A really great thing about teaching is how reciprocal it is. Not only have I been extremely inspired by the work these students have produced, I have also learnt from them; one pertinent example of that is the fact that Aidan Beiboer’s website for the Scone Civic Theatre motivated me to try out “Jimdo,” a free website-making platform I had never even heard of before. I used it to make this very website as well as a second one that has already helped to raise community awareness of another underappreciated Parramatta heritage site I love and have deep ancestral connections to; the oldest surviving European cemetery in Australia: St John’s. And I’m curious to learn more about the platforms used by the other "Webmasters" featured here; Joshua Favaloro, Victor Yang, and Claire Ogle who created visually stunning, user-friendly websites for their community partners.

 

Not surprisingly, I got a bit teary-eyed whilst marking the projects and reading the student survey feedback, which is featured on our "Class of 2015" page.
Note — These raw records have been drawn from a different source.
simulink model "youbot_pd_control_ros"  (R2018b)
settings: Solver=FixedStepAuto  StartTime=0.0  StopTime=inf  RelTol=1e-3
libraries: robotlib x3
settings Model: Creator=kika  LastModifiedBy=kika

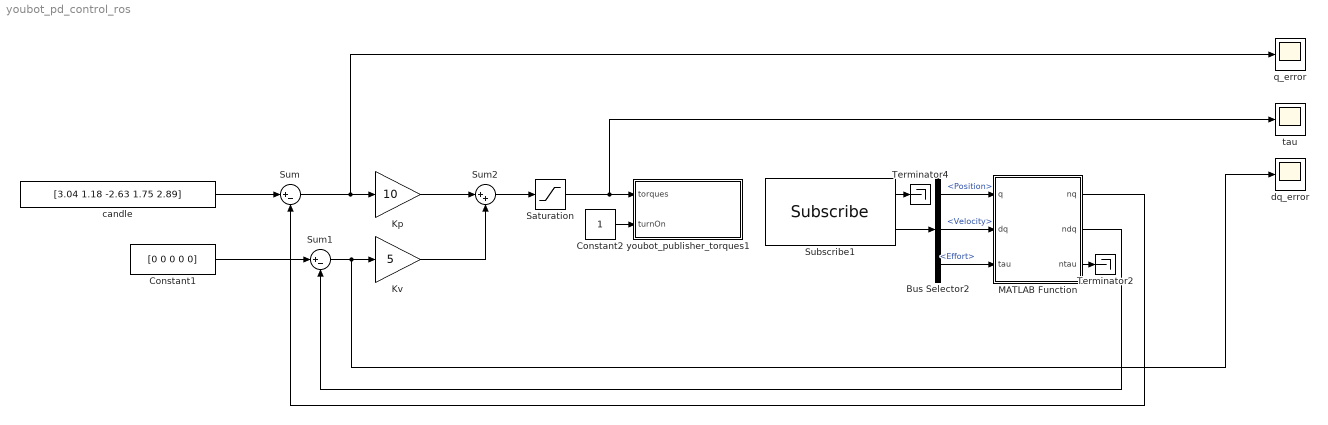
== system youbot_pd_control_ros ==
  Bus Selector2 : BusSelector  OutputSignals=Position,Velocity,Effort
  Constant1 : Constant  Value=[0 0 0 0 0]
  Constant2 : Constant
  Kp : Gain  Gain=10
  Kv : Gain  Gain=5
  MATLAB Function : MATLAB Function  TreatAsAtomicUnit=on
  Saturation : Saturate  UpperLimit=8  LowerLimit=-8
  Subscribe1 : robotlib/Subscribe  topicSource=Select from ROS network  topic=/joint_states  messageType=sensor_msgs/JointState  sampleTime=-1  messageQueueLength=1
      settings: SourceProductBaseCode=RO
  Sum : Sum  Inputs=|+-
  Sum1 : Sum  Inputs=|+-
  Sum2 : Sum  Inputs=|++
  Terminator2 : Terminator
  Terminator4 : Terminator
  candle : Constant  Value=[3.04 1.18 -2.63 1.75 2.89]
  dq_error : Scope
  q_error : Scope
  tau : Scope
  youbot_publisher_torques1 : Subsystem
  wires:
  candle/1 -> Sum/1
  Constant1/1 -> Sum1/1
  Sum/1 -> Kp/1, q_error/1
  Kp/1 -> Sum2/1
  Kv/1 -> Sum2/2
  Sum2/1 -> Saturation/1
  MATLAB Function/3(ntau) -> Terminator2/1
  MATLAB Function/2(ndq) -> Sum1/2
  Saturation/1 -> tau/1, youbot_publisher_torques1/1(torques)
  MATLAB Function/1(nq) -> Sum/2
  Subscribe1/2 -> Bus Selector2/1
  Subscribe1/1 -> Terminator4/1
  Constant2/1 -> youbot_publisher_torques1/2(turnOn)
  Bus Selector2/3 -> MATLAB Function/3(tau)  "<Effort>"
  Bus Selector2/2 -> MATLAB Function/2(dq)  "<Velocity>"
  Bus Selector2/1 -> MATLAB Function/1(q)  "<Position>"
  Sum1/1 -> Kv/1, dq_error/1

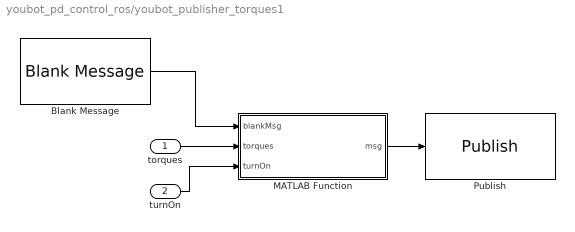
== system youbot_pd_control_ros/youbot_publisher_torques1 ==
  torques : Inport
  turnOn : Inport  Port=2
  Blank Message : robotlib/Blank Message  messageClass=Message  entityType=brics_actuator/JointTorques  messageType=brics_actuator/JointTorques  SampleTime=inf
      settings: SourceProductBaseCode=RO
  MATLAB Function : MATLAB Function  TreatAsAtomicUnit=on
  Publish : robotlib/Publish  topicSource=Select from ROS network  topic=/arm_1/arm_controller/torques_command  messageType=brics_actuator/JointTorques  messageQueueLength=1
      settings: SourceProductBaseCode=RO
  wires:
  MATLAB Function/1(msg) -> Publish/1
  torques/1 -> MATLAB Function/2(torques)
  Blank Message/1 -> MATLAB Function/1(blankMsg)
  turnOn/1 -> MATLAB Function/3(turnOn)

== matlab function youbot_pd_control_ros/MATLAB Function ==
  data: q input; nq output; dq input; tau input; ndq output; ntau output
function [nq, ndq, ntau] = ros_to_matlab(q, dq, tau)

nq = q(1:5);
ndq = dq(1:5);
ntau = tau(1:5); % need minus??

== matlab function youbot_pd_control_ros/youbot_publisher_torques1/MATLAB Function ==
  settings: updateMethod=DISCRETE
  data: blankMsg input; msg output Bus: SL_Bus_youbot_pd_control_ROS_brics_actuator_JointTorques; torques input; turnOn input
function msg = setTorque(blankMsg, torques, turnOn)
    persistent Sec
    if isempty(Sec)
        Sec = 0;
    end
    
    n = 5;
    uri = 'arm_joint_';
    unit = 'm^2 kg s^-2 rad^-1';

    blankMsg.Torques_SL_Info.CurrentLength = uint32(n);

    for i = 1:n
        %bmsg.Torques(i).TimeStamp.Sec = Sec;   

        strLength = length(uri) + 1;    % plus index of joint
        blankMsg.Torques(i).JointUri(1:strLength) = [uint8(uri), uint8(i + 48)]; % shift in ascii table for number '0'
        blankMsg.Torques(i).JointUri_SL_Info.CurrentLength = uint32(strLength);

        strLength = length(unit);
        blankMsg.Torques(i).Unit(1:strLength) = uint8(unit);
        blankMsg.Torques(i).Unit_SL_Info.CurrentLength = uint32(strLength);

        if turnOn
            blankMsg.Torques(i).Value = torques(i);
        else
            blankMsg.Torques(i).Value = 0;
        end

    end
    Sec = Sec + 1;
    msg = blankMsg;    
end

It was such a joy to see these students working to their full potential, “giving it their all,” discovering new things about themselves and, alternatively, indulging in long-term interests (see, for example, Darren Nash’s project “A Nobel Place” and Cassandra Watson’s Callan Park Writers Tour; an interdisciplinary project that struck a delicate balance between history and creative writing activities). I also really loved seeing a couple of the students rediscovering their cultural roots (e.g. Steph Beck’s Jaffa Orange and Tom Walker’s The Club). I didn’t just blubber, though; I laughed, too, particularly over podcaster Adelaide Welling’s jammy scones and black hole-esque teenage pimples as well as “Tom Cornforth,” a quintessential old-school-Aussie character captured on film for a documentary about the Canterbury Cup and presented with some editing by Ryan Cropp that displayed genuine comedic flair. But these are just a few of the fantastic projects you’ll see here; I could easily "wax lyrical" about each and every one of them!

 

I confess to being a tad “stagemotherish” in the best of ways; showing off and gushing about the students’ beautiful work to my colleagues, friends, close family, and all and sundry on my history-dedicated social media accounts. Oft’ I’ve heard myself saying, “We haven’t heard the last of these students...” (Well, my last prophecy was true, no?) So, in the final class when the students repeatedly said in my presence how much they wished they could see all their fellow students’ completed projects and lamented that they hadn’t thought to be “more connected” with each other by swapping emails or following each other on social media, my natural inclination to show off their work and facilitate those connections between the students led to me putting up my hand to make this website.

 

My vision was a website that would be a celebration of and repository for the students’ work as well as a valuable teaching and learning resource for Mike and History Beyond the Classroom students to come. But it is my hope that even this website will serve a purpose “beyond the classroom” by being an exemplar for educators beyond the Department of History and, indeed, beyond the University of Sydney—secondary and tertiary alike—who will see here glowing, real-life examples of what multimodal, student-centred, community-engaged learning situations produce.

 

THANK YOU, Mike, for allowing me to be so involved in this wonderful course and thank you to the Class of 2015 for being so warm and receptive to my ideas! Continue to be creative. Keep collaborating with others in the community. Collaborate with each other (you’ve got everyone’s email addresses and an idea of everyone’s interests and talents now, so there is no excuse not to!) Provide a link to your work here in your C.Vs! And, last but not least, “GO ROGUE" when you have to, to make your vision a reality.